You need a controlling class that holds all values holding their modifiers, and this then “ticks” all the values to do their job which in turn runs the value’s modifiers. But like I said earlier, this is probably completely unnecessary in a frame-driven game loop. Each value class or struct simply has a ModifiedValue property which, upon accessing it, calculates the value using its base value and passing it along to each modifier.
Again, you are probably thinking about this entirely backwards. You expect that every change immediately has to give you a new value and inform a whole swath of objects that have an interest in the updated value. But this is absolutely unnecessary since you can get the new value every frame, and once only, in order to use it in further calculations or to show it in the GUI.
The way you think about this sounds like you have a background in application GUI programming which is commonly stateless and responds to every change immediately. For instance, the user changes a dropdown and the GUI needs to respond to a change event in order to update other fields. But in a stateful game engine, the entire GUI is drawn over and over again every time, so it really only needs to get the currentmost state (value or setting) and display that when its update during the frame occurs. The only thing you need to watch out for is to update values before the GUI draws or the values are used elsewhere, otherwise the value changes will lag one frame behind.

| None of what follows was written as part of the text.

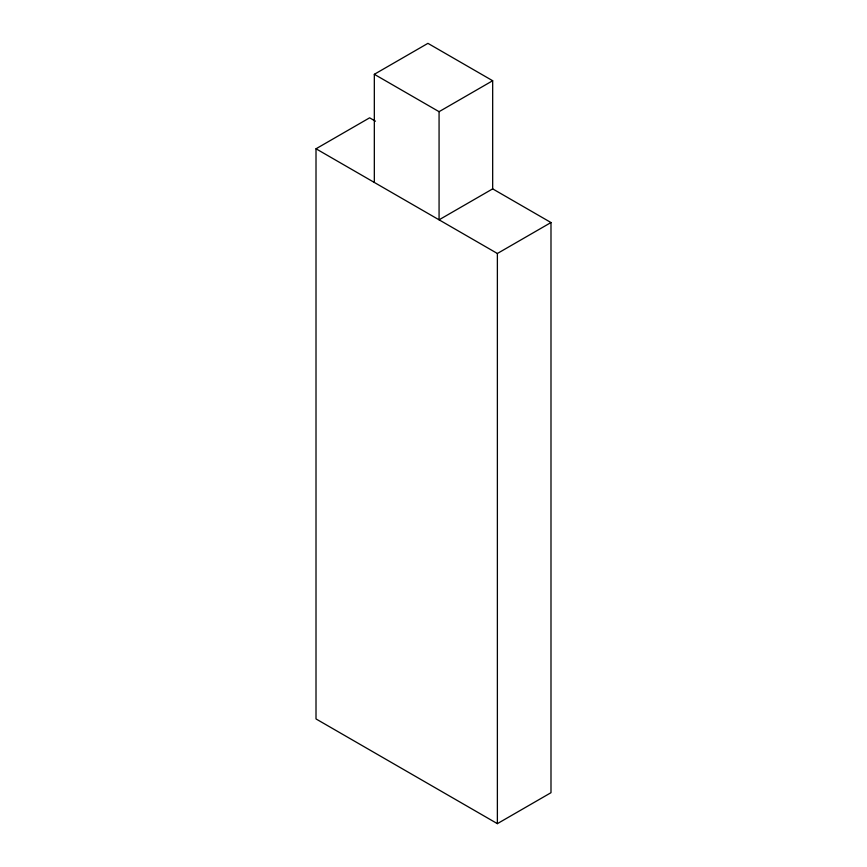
<?xml version="1.0" encoding="UTF-8"?>
<svg xmlns="http://www.w3.org/2000/svg" width="867" height="867" viewBox="0 0 867 867"><rect width="100%" height="100%" fill="white"/><g stroke="black" fill="none" stroke-linecap="round" stroke-linejoin="round"><path stroke-width="1.3" d="M374.327 74.302L427.93 43.35L492.673 80.729L492.673 188.876L439.07 219.817L439.07 111.68L374.327 74.302L374.327 182.438M492.478 188.757L550.989 222.537L550.989 792.698L497.376 823.65L316.011 718.938L316.011 148.777L369.624 117.825L375.476 121.207M439.07 111.68L492.673 80.729M316.011 148.777L497.376 253.489L550.989 222.537M497.376 253.489L497.376 823.65"/></g></svg>

I understood it. Maybe it’s not obvious from my previous answer.
I just don’t really like that I’ll have to make a lot of classes.
But I still dont understand why I should recalculate value on get or do things like this (I just wanted to make a flexible and easy to use system, without gimmicks):
Let’s say I have a lot of modifiers, but they are added very rarely. Why recalculate them every time on get? Why not just recalculate them when adding/removing modifier or when changing a reactive variable that the method depends on. This can only be a problem if multiple reactive fields are updated at the same time and thus cause multiple recalculations where one recalculation is enough. In any case, in my implementation I added the option to recalculate on get.
I have background in nothing, I am just a student.
I think that a developer is free to use what is convenient for him. So it would be stupid not to finish delegate implementation to use it as an option.
I would just have a dirty flag, and only recalculate the value if its dirty when accessed. Ergo, when a modifier has been added/removed when it previously wasn’t dirty.
This is a totally valid approach. I find it highly unlikely that you’ll run into a scenario where so many reactive properties are changing during the same frame, that it’ll become a noticeable performance bottleneck in your game.
And if it does, then it should be quite easy to tweak the system to use a dirty flag instead, like @spiney199 suggested.
Using delegates should also be totally fine performance wise. If you want to get rid of garbage generation when modifying the invocation list, you can just use a List<MyDelegate> instead of MyDelegate.
That couldn’t be more wrong. You can say that for as long as you’re a student or work entirely for yourself. But once you work for someone who also does code reviews, you’ll quickly be in a discussion like this.
Now if you keep trying to stick to your way of doing things while the tech lead and possibly other senior engineers have differing opinions, you probably won’t be employed for long in that company.
Always keep an open mind. The ones who keep using what is “convenient” to them will only aggravate their peers AND increase the cost of programming and maintenance because for sure copypasta is super convenient initially.